■ EXERCISE GOAL ■
Among the entries below, one stretch runs from the line that contains "#29141 = VECTOR" through the line that contains "#33138 = CARTESIAN_POINT". Repeat that stretch exactly, ends included, and only that.

[[ RECORDED INFORMATION, beginning ]]

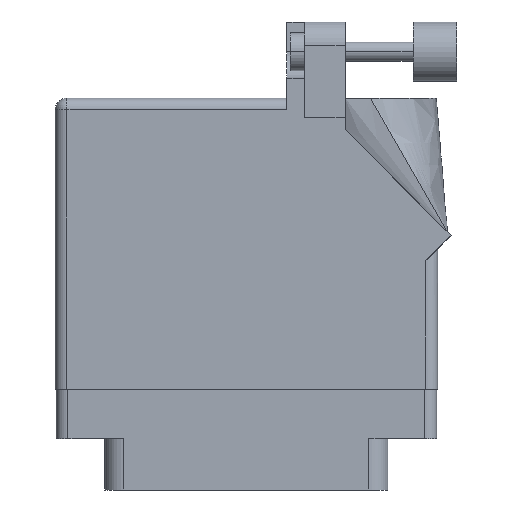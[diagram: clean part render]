
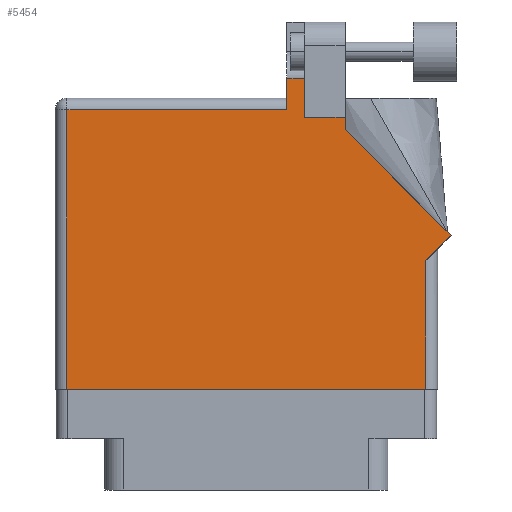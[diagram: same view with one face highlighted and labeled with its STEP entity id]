
A CAD part, front view. The second image highlights one B-rep face of the part: STEP entity #5454.
In plain terms, the highlighted face is planar.
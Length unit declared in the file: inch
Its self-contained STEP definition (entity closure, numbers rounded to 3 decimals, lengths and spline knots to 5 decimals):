
#513 = ORIENTED_EDGE ( 'NONE', *, *, #20524, .T. ) ;
#856 = LINE ( 'NONE', #6397, #24596 ) ;
#860 = VERTEX_POINT ( 'NONE', #26351 ) ;
#1615 = DIRECTION ( 'NONE',  ( 0.707, 0.707, 0. ) ) ;
#2106 = CARTESIAN_POINT ( 'NONE',  ( 1.948, 0., 0. ) ) ;
#2700 = DIRECTION ( 'NONE',  ( 0., 0., -1. ) ) ;
#2792 = VERTEX_POINT ( 'NONE', #38399 ) ;
#2916 = CARTESIAN_POINT ( 'NONE',  ( 2.08071, 0.80771, 0. ) ) ;
#3894 = ORIENTED_EDGE ( 'NONE', *, *, #30955, .T. ) ;
#4442 = LINE ( 'NONE', #15197, #25357 ) ;
#4978 = CARTESIAN_POINT ( 'NONE',  ( 1.217, 1.6315, 0. ) ) ;
#5350 = CARTESIAN_POINT ( 'NONE',  ( 0., 1.53, 0. ) ) ;
#5400 = CARTESIAN_POINT ( 'NONE',  ( 1.217, 1.53, 0. ) ) ;
#5454 = ADVANCED_FACE ( 'NONE', ( #6722 ), #21035, .F. ) ;
#5567 = EDGE_CURVE ( 'NONE', #19321, #32012, #22928, .T. ) ;
#5774 = VERTEX_POINT ( 'NONE', #16279 ) ;
#5911 = LINE ( 'NONE', #25294, #38690 ) ;
#6034 = DIRECTION ( 'NONE',  ( -1., 0., 0. ) ) ;
#6397 = CARTESIAN_POINT ( 'NONE',  ( 0., 0., 0. ) ) ;
#6699 = LINE ( 'NONE', #16404, #10035 ) ;
#6722 = FACE_OUTER_BOUND ( 'NONE', #7010, .T. ) ;
#7003 = EDGE_CURVE ( 'NONE', #31177, #30890, #4442, .T. ) ;
#7010 = EDGE_LOOP ( 'NONE', ( #29856, #20686, #28555, #15108, #3894, #10562, #513, #10940, #28287, #13414, #17540 ) ) ;
#8140 = DIRECTION ( 'NONE',  ( 0., -1., 0. ) ) ;
#8165 = EDGE_CURVE ( 'NONE', #11515, #5774, #6699, .T. ) ;
#9214 = EDGE_CURVE ( 'NONE', #860, #19321, #9449, .T. ) ;
#9301 = LINE ( 'NONE', #26617, #30317 ) ;
#9404 = VECTOR ( 'NONE', #8140, 39.37008 ) ;
#9449 = LINE ( 'NONE', #13364, #31904 ) ;
#9486 = VECTOR ( 'NONE', #17723, 39.37008 ) ;
#10007 = AXIS2_PLACEMENT_3D ( 'NONE', #5350, #2700, #38811 ) ;
#10035 = VECTOR ( 'NONE', #37695, 39.37008 ) ;
#10440 = VERTEX_POINT ( 'NONE', #37649 ) ;
#10562 = ORIENTED_EDGE ( 'NONE', *, *, #11244, .T. ) ;
#10863 = DIRECTION ( 'NONE',  ( -0.707, 0.707, 0. ) ) ;
#10940 = ORIENTED_EDGE ( 'NONE', *, *, #9214, .T. ) ;
#11244 = EDGE_CURVE ( 'NONE', #10440, #29814, #856, .T. ) ;
#11515 = VERTEX_POINT ( 'NONE', #35381 ) ;
#11578 = EDGE_CURVE ( 'NONE', #32012, #2792, #9301, .T. ) ;
#12688 = DIRECTION ( 'NONE',  ( -1., 0., 0. ) ) ;
#12739 = DIRECTION ( 'NONE',  ( 1., 0., 0. ) ) ;
#13364 = CARTESIAN_POINT ( 'NONE',  ( 2.01, 0.737, 0. ) ) ;
#13414 = ORIENTED_EDGE ( 'NONE', *, *, #11578, .T. ) ;
#15086 = DIRECTION ( 'NONE',  ( -1., 0., 0. ) ) ;
#15108 = ORIENTED_EDGE ( 'NONE', *, *, #7003, .T. ) ;
#15197 = CARTESIAN_POINT ( 'NONE',  ( 0., 1.468, 0. ) ) ;
#16242 = CARTESIAN_POINT ( 'NONE',  ( 0.062, 1.468, 0. ) ) ;
#16279 = CARTESIAN_POINT ( 'NONE',  ( 1.311, 1.6315, 0. ) ) ;
#16404 = CARTESIAN_POINT ( 'NONE',  ( 1.311, 1.43, 0. ) ) ;
#16649 = LINE ( 'NONE', #5400, #9486 ) ;
#17540 = ORIENTED_EDGE ( 'NONE', *, *, #21390, .T. ) ;
#17723 = DIRECTION ( 'NONE',  ( 0., -1., 0. ) ) ;
#19321 = VERTEX_POINT ( 'NONE', #22317 ) ;
#20485 = DIRECTION ( 'NONE',  ( 0., 1., 0. ) ) ;
#20524 = EDGE_CURVE ( 'NONE', #29814, #860, #5911, .T. ) ;
#20686 = ORIENTED_EDGE ( 'NONE', *, *, #23427, .T. ) ;
#21035 = PLANE ( 'NONE',  #10007 ) ;
#21390 = EDGE_CURVE ( 'NONE', #2792, #11515, #24348, .T. ) ;
#22317 = CARTESIAN_POINT ( 'NONE',  ( 2.08071, 0.80771, 0. ) ) ;
#22455 = VECTOR ( 'NONE', #15086, 39.37008 ) ;
#22738 = EDGE_CURVE ( 'NONE', #31054, #31177, #16649, .T. ) ;
#22928 = LINE ( 'NONE', #2916, #29141 ) ;
#23282 = VECTOR ( 'NONE', #6034, 39.37008 ) ;
#23427 = EDGE_CURVE ( 'NONE', #5774, #31054, #27589, .T. ) ;
#24106 = CARTESIAN_POINT ( 'NONE',  ( 1.64177, 1.6315, 0. ) ) ;
#24256 = CARTESIAN_POINT ( 'NONE',  ( 1.524, 1.43, 0. ) ) ;
#24348 = LINE ( 'NONE', #24256, #22455 ) ;
#24596 = VECTOR ( 'NONE', #12739, 39.37008 ) ;
#25294 = CARTESIAN_POINT ( 'NONE',  ( 1.948, 0.737, 0. ) ) ;
#25357 = VECTOR ( 'NONE', #12688, 39.37008 ) ;
#26351 = CARTESIAN_POINT ( 'NONE',  ( 1.948, 0.675, 0. ) ) ;
#26615 = LINE ( 'NONE', #35037, #9404 ) ;
#26617 = CARTESIAN_POINT ( 'NONE',  ( 1.524, 1.36442, 0. ) ) ;
#27589 = LINE ( 'NONE', #24106, #23282 ) ;
#28287 = ORIENTED_EDGE ( 'NONE', *, *, #5567, .T. ) ;
#28555 = ORIENTED_EDGE ( 'NONE', *, *, #22738, .T. ) ;
#29141 = VECTOR ( 'NONE', #10863, 39.37008 ) ;
#29814 = VERTEX_POINT ( 'NONE', #2106 ) ;
#29856 = ORIENTED_EDGE ( 'NONE', *, *, #8165, .T. ) ;
#30317 = VECTOR ( 'NONE', #20485, 39.37008 ) ;
#30890 = VERTEX_POINT ( 'NONE', #16242 ) ;
#30955 = EDGE_CURVE ( 'NONE', #30890, #10440, #26615, .T. ) ;
#31054 = VERTEX_POINT ( 'NONE', #4978 ) ;
#31177 = VERTEX_POINT ( 'NONE', #33138 ) ;
#31719 = DIRECTION ( 'NONE',  ( 0., 1., 0. ) ) ;
#31904 = VECTOR ( 'NONE', #1615, 39.37008 ) ;
#32012 = VERTEX_POINT ( 'NONE', #33954 ) ;
#33138 = CARTESIAN_POINT ( 'NONE',  ( 1.217, 1.468, 0. ) ) ;
#33954 = CARTESIAN_POINT ( 'NONE',  ( 1.524, 1.36442, 0. ) ) ;
#35037 = CARTESIAN_POINT ( 'NONE',  ( 0.062, 0., 0. ) ) ;
#35381 = CARTESIAN_POINT ( 'NONE',  ( 1.311, 1.43, 0. ) ) ;
#37649 = CARTESIAN_POINT ( 'NONE',  ( 0.062, 0., 0. ) ) ;
#37695 = DIRECTION ( 'NONE',  ( 0., 1., 0. ) ) ;
#38399 = CARTESIAN_POINT ( 'NONE',  ( 1.524, 1.43, 0. ) ) ;
#38690 = VECTOR ( 'NONE', #31719, 39.37008 ) ;
#38811 = DIRECTION ( 'NONE',  ( -1., 0., 0. ) ) ;

[[ RECORDED INFORMATION, end ]]

■ ANSWER TO THIS TASK ■
#29141 = VECTOR ( 'NONE', #10863, 39.37008 ) ;
#29814 = VERTEX_POINT ( 'NONE', #2106 ) ;
#29856 = ORIENTED_EDGE ( 'NONE', *, *, #8165, .T. ) ;
#30317 = VECTOR ( 'NONE', #20485, 39.37008 ) ;
#30890 = VERTEX_POINT ( 'NONE', #16242 ) ;
#30955 = EDGE_CURVE ( 'NONE', #30890, #10440, #26615, .T. ) ;
#31054 = VERTEX_POINT ( 'NONE', #4978 ) ;
#31177 = VERTEX_POINT ( 'NONE', #33138 ) ;
#31719 = DIRECTION ( 'NONE',  ( 0., 1., 0. ) ) ;
#31904 = VECTOR ( 'NONE', #1615, 39.37008 ) ;
#32012 = VERTEX_POINT ( 'NONE', #33954 ) ;
#33138 = CARTESIAN_POINT ( 'NONE',  ( 1.217, 1.468, 0. ) ) ;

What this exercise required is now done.